Stored data:
BEGIN

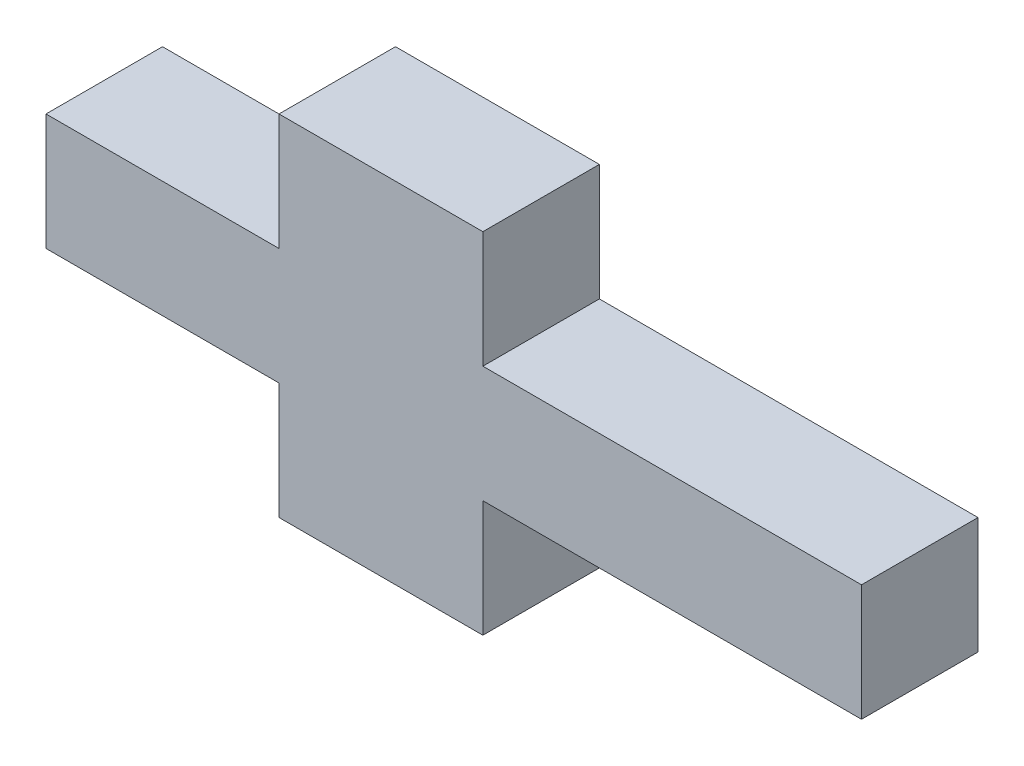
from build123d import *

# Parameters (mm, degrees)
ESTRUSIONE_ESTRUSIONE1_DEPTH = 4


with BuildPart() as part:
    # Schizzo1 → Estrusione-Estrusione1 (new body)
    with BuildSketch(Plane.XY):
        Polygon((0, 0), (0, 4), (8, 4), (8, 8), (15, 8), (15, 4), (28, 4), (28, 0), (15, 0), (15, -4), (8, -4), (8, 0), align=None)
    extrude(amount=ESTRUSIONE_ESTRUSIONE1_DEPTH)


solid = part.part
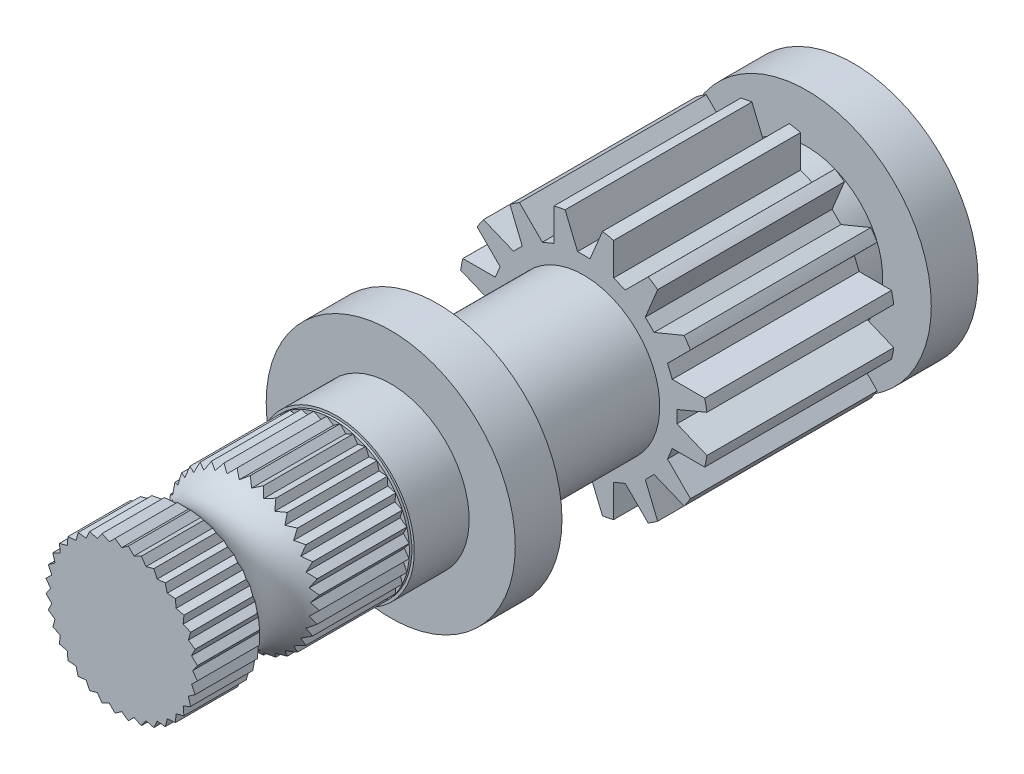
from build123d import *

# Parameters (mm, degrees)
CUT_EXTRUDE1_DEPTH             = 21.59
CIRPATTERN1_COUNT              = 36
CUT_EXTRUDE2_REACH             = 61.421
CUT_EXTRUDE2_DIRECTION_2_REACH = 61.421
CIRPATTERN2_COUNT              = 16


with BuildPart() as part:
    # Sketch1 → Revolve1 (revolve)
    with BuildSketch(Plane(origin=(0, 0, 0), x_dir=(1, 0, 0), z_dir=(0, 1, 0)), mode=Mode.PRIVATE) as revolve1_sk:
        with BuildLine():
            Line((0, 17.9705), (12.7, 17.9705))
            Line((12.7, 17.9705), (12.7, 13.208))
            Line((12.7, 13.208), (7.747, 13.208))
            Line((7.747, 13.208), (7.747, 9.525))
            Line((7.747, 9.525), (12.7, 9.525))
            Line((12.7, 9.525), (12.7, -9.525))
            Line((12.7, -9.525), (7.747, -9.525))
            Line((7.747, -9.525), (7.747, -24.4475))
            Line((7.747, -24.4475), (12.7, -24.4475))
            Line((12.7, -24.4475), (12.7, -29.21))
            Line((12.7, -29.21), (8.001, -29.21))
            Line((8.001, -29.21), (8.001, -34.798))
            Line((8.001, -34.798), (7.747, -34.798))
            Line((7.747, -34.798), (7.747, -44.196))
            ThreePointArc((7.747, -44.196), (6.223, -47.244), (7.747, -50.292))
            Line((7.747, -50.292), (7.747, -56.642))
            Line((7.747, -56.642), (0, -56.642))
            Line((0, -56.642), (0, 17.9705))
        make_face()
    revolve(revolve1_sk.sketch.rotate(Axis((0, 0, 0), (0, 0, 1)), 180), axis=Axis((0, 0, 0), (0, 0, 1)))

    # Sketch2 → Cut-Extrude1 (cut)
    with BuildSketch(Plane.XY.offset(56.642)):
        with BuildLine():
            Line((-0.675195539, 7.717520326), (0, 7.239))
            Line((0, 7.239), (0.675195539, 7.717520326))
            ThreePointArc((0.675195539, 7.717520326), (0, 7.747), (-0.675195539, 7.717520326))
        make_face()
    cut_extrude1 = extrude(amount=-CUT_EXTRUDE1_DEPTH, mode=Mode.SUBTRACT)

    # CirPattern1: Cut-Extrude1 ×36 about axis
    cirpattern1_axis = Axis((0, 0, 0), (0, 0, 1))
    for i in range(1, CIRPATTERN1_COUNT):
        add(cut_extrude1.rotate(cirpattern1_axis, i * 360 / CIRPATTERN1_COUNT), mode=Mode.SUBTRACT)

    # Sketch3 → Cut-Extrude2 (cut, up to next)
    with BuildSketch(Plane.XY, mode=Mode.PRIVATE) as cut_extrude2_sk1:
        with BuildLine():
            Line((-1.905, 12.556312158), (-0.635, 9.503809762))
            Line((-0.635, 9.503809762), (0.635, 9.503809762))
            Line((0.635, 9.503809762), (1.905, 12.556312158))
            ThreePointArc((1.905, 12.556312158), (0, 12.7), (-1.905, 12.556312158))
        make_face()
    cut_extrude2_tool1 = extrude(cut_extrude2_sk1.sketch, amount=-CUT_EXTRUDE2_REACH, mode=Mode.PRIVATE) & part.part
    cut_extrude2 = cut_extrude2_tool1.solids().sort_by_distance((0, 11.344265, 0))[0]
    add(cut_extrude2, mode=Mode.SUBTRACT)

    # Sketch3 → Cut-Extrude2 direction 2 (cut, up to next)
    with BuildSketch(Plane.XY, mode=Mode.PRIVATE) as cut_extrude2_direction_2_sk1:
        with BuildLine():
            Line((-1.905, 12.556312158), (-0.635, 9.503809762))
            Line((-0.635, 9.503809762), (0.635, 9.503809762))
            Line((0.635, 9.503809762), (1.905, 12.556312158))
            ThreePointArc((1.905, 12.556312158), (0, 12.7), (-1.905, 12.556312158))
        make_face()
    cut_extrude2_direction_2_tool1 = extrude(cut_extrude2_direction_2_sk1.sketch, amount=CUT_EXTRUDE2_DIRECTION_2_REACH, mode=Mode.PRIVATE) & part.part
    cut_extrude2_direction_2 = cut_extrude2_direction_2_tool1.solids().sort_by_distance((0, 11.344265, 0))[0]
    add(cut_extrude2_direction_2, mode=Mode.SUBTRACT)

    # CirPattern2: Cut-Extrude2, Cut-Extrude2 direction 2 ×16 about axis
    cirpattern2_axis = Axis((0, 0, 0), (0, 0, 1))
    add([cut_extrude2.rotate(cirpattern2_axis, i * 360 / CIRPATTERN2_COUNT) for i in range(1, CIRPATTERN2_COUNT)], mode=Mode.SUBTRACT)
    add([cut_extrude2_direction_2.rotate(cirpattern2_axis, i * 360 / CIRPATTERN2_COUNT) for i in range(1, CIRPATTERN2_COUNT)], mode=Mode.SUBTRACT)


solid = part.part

END

◆ TASK DETAILS
Please repeat each line above exactly as it appears, but omit the pictures.

◆ TASK RESULT
from build123d import *

# Parameters (mm, degrees)
ESTRUSIONE_ESTRUSIONE1_DEPTH = 4


with BuildPart() as part:
    # Schizzo1 → Estrusione-Estrusione1 (new body)
    with BuildSketch(Plane.XY):
        Polygon((0, 0), (0, 4), (8, 4), (8, 8), (15, 8), (15, 4), (28, 4), (28, 0), (15, 0), (15, -4), (8, -4), (8, 0), align=None)
    extrude(amount=ESTRUSIONE_ESTRUSIONE1_DEPTH)


solid = part.part
from build123d import *

# Parameters (mm, degrees)
CUT_EXTRUDE1_DEPTH             = 21.59
CIRPATTERN1_COUNT              = 36
CUT_EXTRUDE2_REACH             = 61.421
CUT_EXTRUDE2_DIRECTION_2_REACH = 61.421
CIRPATTERN2_COUNT              = 16


with BuildPart() as part:
    # Sketch1 → Revolve1 (revolve)
    with BuildSketch(Plane(origin=(0, 0, 0), x_dir=(1, 0, 0), z_dir=(0, 1, 0)), mode=Mode.PRIVATE) as revolve1_sk:
        with BuildLine():
            Line((0, 17.9705), (12.7, 17.9705))
            Line((12.7, 17.9705), (12.7, 13.208))
            Line((12.7, 13.208), (7.747, 13.208))
            Line((7.747, 13.208), (7.747, 9.525))
            Line((7.747, 9.525), (12.7, 9.525))
            Line((12.7, 9.525), (12.7, -9.525))
            Line((12.7, -9.525), (7.747, -9.525))
            Line((7.747, -9.525), (7.747, -24.4475))
            Line((7.747, -24.4475), (12.7, -24.4475))
            Line((12.7, -24.4475), (12.7, -29.21))
            Line((12.7, -29.21), (8.001, -29.21))
            Line((8.001, -29.21), (8.001, -34.798))
            Line((8.001, -34.798), (7.747, -34.798))
            Line((7.747, -34.798), (7.747, -44.196))
            ThreePointArc((7.747, -44.196), (6.223, -47.244), (7.747, -50.292))
            Line((7.747, -50.292), (7.747, -56.642))
            Line((7.747, -56.642), (0, -56.642))
            Line((0, -56.642), (0, 17.9705))
        make_face()
    revolve(revolve1_sk.sketch.rotate(Axis((0, 0, 0), (0, 0, 1)), 180), axis=Axis((0, 0, 0), (0, 0, 1)))

    # Sketch2 → Cut-Extrude1 (cut)
    with BuildSketch(Plane.XY.offset(56.642)):
        with BuildLine():
            Line((-0.675195539, 7.717520326), (0, 7.239))
            Line((0, 7.239), (0.675195539, 7.717520326))
            ThreePointArc((0.675195539, 7.717520326), (0, 7.747), (-0.675195539, 7.717520326))
        make_face()
    cut_extrude1 = extrude(amount=-CUT_EXTRUDE1_DEPTH, mode=Mode.SUBTRACT)

    # CirPattern1: Cut-Extrude1 ×36 about axis
    cirpattern1_axis = Axis((0, 0, 0), (0, 0, 1))
    for i in range(1, CIRPATTERN1_COUNT):
        add(cut_extrude1.rotate(cirpattern1_axis, i * 360 / CIRPATTERN1_COUNT), mode=Mode.SUBTRACT)

    # Sketch3 → Cut-Extrude2 (cut, up to next)
    with BuildSketch(Plane.XY, mode=Mode.PRIVATE) as cut_extrude2_sk1:
        with BuildLine():
            Line((-1.905, 12.556312158), (-0.635, 9.503809762))
            Line((-0.635, 9.503809762), (0.635, 9.503809762))
            Line((0.635, 9.503809762), (1.905, 12.556312158))
            ThreePointArc((1.905, 12.556312158), (0, 12.7), (-1.905, 12.556312158))
        make_face()
    cut_extrude2_tool1 = extrude(cut_extrude2_sk1.sketch, amount=-CUT_EXTRUDE2_REACH, mode=Mode.PRIVATE) & part.part
    cut_extrude2 = cut_extrude2_tool1.solids().sort_by_distance((0, 11.344265, 0))[0]
    add(cut_extrude2, mode=Mode.SUBTRACT)

    # Sketch3 → Cut-Extrude2 direction 2 (cut, up to next)
    with BuildSketch(Plane.XY, mode=Mode.PRIVATE) as cut_extrude2_direction_2_sk1:
        with BuildLine():
            Line((-1.905, 12.556312158), (-0.635, 9.503809762))
            Line((-0.635, 9.503809762), (0.635, 9.503809762))
            Line((0.635, 9.503809762), (1.905, 12.556312158))
            ThreePointArc((1.905, 12.556312158), (0, 12.7), (-1.905, 12.556312158))
        make_face()
    cut_extrude2_direction_2_tool1 = extrude(cut_extrude2_direction_2_sk1.sketch, amount=CUT_EXTRUDE2_DIRECTION_2_REACH, mode=Mode.PRIVATE) & part.part
    cut_extrude2_direction_2 = cut_extrude2_direction_2_tool1.solids().sort_by_distance((0, 11.344265, 0))[0]
    add(cut_extrude2_direction_2, mode=Mode.SUBTRACT)

    # CirPattern2: Cut-Extrude2, Cut-Extrude2 direction 2 ×16 about axis
    cirpattern2_axis = Axis((0, 0, 0), (0, 0, 1))
    add([cut_extrude2.rotate(cirpattern2_axis, i * 360 / CIRPATTERN2_COUNT) for i in range(1, CIRPATTERN2_COUNT)], mode=Mode.SUBTRACT)
    add([cut_extrude2_direction_2.rotate(cirpattern2_axis, i * 360 / CIRPATTERN2_COUNT) for i in range(1, CIRPATTERN2_COUNT)], mode=Mode.SUBTRACT)


solid = part.part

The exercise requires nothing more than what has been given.